Na tradição védica não existiam templos dedicados especificamente a Indra; a religião védica era uma prática sacrificial pura (yajña) no altar doméstico ou em espaços de sacrifício ao ar livre. Com a tradição das Purāṇas foram edificados alguns templos de Indra, mas permaneceram periféricos.
No budismo, pelo contrário, existe presença em todos os templos: Śakra/Taishakuten é um dos quatro guardiões celestes; no Japão é venerado como Taishakuten no Taisanji (prefeitura de Ehime) e em muitos outros locais. No Tibet, como figura de Indra no panteão budista. Em Nepal, o festival Panteão. Em Nepal, o festival Indra-Jatra em Catmandu (anualmente em setembro) como grande festividade popular.

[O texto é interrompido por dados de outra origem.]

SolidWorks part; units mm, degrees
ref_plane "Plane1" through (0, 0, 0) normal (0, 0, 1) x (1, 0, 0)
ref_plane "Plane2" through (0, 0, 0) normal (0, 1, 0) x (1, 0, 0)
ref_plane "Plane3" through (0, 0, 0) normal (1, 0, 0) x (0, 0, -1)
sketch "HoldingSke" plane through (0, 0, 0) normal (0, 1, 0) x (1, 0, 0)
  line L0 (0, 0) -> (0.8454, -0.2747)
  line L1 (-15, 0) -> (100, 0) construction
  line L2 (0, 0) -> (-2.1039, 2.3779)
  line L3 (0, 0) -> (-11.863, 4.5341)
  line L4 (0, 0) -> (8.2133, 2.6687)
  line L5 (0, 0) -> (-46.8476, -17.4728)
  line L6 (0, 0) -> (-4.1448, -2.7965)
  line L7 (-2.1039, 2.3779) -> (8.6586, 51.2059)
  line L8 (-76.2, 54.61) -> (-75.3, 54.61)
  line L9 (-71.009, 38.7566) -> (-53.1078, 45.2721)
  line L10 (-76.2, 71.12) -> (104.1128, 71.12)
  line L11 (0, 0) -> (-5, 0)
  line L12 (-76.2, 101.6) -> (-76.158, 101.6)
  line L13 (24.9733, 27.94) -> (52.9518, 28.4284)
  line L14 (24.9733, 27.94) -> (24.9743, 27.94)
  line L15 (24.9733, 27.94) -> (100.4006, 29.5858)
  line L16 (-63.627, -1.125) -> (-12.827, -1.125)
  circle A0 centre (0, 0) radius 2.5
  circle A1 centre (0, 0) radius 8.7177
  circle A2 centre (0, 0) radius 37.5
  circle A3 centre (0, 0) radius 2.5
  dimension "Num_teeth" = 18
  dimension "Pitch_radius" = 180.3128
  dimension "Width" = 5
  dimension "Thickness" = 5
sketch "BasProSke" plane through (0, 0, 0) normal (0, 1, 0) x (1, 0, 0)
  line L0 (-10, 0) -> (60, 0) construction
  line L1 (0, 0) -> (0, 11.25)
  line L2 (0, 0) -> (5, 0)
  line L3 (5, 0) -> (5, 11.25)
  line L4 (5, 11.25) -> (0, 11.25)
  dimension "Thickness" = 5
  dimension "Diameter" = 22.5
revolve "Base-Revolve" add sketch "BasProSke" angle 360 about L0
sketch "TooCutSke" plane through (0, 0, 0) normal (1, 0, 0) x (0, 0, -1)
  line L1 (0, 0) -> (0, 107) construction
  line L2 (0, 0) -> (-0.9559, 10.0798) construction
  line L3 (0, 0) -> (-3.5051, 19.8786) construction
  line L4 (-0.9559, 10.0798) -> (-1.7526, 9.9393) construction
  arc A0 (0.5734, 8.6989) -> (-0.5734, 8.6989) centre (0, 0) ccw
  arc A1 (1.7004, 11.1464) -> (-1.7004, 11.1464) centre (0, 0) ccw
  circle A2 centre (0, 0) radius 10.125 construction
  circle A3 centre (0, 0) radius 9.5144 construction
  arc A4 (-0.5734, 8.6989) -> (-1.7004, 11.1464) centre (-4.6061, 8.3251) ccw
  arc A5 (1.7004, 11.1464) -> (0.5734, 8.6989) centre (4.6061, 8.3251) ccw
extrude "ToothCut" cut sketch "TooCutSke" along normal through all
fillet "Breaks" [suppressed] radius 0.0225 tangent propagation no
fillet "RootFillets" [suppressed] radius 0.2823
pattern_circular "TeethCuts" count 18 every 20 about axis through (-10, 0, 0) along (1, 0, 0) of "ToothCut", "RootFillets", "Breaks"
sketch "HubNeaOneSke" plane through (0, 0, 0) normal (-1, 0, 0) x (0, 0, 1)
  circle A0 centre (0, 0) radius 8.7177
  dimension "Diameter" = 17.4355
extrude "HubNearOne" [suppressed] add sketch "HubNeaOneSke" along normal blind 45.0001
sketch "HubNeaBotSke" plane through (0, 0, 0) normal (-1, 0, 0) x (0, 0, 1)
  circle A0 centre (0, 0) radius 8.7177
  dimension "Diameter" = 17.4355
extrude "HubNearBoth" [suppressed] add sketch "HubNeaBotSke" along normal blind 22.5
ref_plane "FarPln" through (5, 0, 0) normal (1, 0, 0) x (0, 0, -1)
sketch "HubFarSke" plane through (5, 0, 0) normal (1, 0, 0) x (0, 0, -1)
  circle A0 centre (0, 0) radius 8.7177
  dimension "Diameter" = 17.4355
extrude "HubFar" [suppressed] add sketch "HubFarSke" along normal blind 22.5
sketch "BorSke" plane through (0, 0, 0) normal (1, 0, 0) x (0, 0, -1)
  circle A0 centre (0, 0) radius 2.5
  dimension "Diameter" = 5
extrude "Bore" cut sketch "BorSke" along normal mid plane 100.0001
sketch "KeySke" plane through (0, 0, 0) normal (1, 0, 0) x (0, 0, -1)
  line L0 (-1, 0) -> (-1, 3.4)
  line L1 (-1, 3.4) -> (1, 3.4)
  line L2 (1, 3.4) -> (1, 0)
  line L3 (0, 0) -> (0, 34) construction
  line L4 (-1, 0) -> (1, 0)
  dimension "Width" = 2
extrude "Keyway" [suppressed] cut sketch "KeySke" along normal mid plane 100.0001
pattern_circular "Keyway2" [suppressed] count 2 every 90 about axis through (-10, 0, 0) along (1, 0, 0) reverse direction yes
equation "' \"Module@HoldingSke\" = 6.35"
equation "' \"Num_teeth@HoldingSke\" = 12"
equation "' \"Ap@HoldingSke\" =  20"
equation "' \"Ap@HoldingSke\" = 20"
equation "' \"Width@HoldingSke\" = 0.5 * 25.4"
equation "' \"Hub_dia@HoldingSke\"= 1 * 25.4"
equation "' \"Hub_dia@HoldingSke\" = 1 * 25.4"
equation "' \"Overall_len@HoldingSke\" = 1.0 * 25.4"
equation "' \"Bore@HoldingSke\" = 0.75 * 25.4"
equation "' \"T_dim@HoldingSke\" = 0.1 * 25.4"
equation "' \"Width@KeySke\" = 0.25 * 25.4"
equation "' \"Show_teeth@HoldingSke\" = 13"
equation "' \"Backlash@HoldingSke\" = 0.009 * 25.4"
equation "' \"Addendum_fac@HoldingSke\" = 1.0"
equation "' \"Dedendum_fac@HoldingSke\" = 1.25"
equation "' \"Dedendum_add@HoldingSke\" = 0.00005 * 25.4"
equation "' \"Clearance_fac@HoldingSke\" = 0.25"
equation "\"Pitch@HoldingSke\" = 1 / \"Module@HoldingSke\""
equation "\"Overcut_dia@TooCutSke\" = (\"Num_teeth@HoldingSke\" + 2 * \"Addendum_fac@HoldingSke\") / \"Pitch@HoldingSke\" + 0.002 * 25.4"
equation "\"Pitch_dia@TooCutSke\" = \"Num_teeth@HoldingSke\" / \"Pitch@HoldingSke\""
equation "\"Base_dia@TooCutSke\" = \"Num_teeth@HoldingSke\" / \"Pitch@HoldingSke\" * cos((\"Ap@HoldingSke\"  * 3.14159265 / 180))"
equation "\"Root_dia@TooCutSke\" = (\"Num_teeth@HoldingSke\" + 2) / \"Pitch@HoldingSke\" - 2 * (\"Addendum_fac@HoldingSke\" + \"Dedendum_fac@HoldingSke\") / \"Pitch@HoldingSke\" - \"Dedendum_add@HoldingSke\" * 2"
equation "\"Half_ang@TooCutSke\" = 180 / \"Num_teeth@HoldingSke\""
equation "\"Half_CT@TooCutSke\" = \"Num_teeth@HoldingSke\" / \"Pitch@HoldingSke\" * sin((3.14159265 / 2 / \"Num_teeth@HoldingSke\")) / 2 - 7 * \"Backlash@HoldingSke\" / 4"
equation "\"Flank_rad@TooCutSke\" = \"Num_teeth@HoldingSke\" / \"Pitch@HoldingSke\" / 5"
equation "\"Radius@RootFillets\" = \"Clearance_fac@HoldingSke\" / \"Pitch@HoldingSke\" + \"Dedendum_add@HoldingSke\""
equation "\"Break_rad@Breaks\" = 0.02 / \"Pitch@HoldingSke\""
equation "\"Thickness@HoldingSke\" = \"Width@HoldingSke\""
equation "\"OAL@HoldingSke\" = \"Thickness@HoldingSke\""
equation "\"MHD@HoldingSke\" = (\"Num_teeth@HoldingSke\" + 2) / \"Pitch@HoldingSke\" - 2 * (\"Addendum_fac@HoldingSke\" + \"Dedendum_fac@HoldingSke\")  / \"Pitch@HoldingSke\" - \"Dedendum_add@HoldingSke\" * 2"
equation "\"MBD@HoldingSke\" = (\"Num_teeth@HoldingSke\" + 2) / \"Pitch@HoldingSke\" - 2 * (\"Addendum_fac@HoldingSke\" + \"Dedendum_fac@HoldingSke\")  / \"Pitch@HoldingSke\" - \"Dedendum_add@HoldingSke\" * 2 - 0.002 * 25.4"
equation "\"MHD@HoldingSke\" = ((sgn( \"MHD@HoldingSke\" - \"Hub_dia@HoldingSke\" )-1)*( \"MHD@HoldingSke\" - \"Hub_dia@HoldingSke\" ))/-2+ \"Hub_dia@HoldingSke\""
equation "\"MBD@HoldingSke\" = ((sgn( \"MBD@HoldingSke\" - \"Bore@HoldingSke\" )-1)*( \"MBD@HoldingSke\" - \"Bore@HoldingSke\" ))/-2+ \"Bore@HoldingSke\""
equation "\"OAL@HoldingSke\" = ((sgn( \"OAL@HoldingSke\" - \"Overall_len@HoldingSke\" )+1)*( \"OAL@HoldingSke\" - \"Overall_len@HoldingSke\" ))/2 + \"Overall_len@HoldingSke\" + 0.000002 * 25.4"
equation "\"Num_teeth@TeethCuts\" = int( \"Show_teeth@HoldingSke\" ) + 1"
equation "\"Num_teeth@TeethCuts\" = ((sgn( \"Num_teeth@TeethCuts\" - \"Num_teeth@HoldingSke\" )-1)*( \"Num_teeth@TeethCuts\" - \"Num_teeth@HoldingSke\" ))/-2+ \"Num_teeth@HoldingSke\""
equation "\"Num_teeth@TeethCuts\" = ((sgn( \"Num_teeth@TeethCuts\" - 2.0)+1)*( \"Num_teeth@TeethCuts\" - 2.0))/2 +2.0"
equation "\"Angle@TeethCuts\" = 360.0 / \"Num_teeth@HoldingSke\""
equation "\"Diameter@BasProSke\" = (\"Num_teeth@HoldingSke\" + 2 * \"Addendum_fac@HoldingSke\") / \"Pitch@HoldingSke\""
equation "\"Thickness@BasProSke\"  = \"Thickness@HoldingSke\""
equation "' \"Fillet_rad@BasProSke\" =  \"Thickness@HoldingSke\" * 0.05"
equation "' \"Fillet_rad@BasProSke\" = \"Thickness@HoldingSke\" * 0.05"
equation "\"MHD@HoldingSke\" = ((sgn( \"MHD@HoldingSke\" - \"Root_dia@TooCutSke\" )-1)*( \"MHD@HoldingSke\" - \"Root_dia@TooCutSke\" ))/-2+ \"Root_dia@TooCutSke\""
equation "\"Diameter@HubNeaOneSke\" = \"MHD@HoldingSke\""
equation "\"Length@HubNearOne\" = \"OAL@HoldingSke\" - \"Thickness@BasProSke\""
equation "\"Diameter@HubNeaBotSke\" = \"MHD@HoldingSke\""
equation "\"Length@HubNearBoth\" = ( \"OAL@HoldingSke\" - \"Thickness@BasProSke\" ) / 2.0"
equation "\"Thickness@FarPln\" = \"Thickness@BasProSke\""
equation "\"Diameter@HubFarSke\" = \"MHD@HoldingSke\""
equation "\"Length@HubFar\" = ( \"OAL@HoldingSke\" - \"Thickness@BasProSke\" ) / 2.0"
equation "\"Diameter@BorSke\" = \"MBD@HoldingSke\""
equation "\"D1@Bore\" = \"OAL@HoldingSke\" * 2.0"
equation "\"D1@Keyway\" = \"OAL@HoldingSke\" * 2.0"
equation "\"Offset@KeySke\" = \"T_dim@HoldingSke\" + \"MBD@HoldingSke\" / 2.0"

Fontes centrais: Rigveda (em especial os numerosos hinos a Indra, p. ex. RV 1.32 sobre o mito), de Vritra), , Atharvaveda, Śatapatha-Brāhmaṇa, Mahabharata (episódios de Indra, em especial a história de Karna), Purāṇas. Budismo: Sakkapañha-Sutta (Pali, diálogo entre o Buddha e Sakka).
Literatura secundária: O’Flaherty, The Origins of Evil in Hindu Mythology; Macdonell, Vedic Mythology; Doniger, Hindu Myths; West, Indo-European Poetry and Myth.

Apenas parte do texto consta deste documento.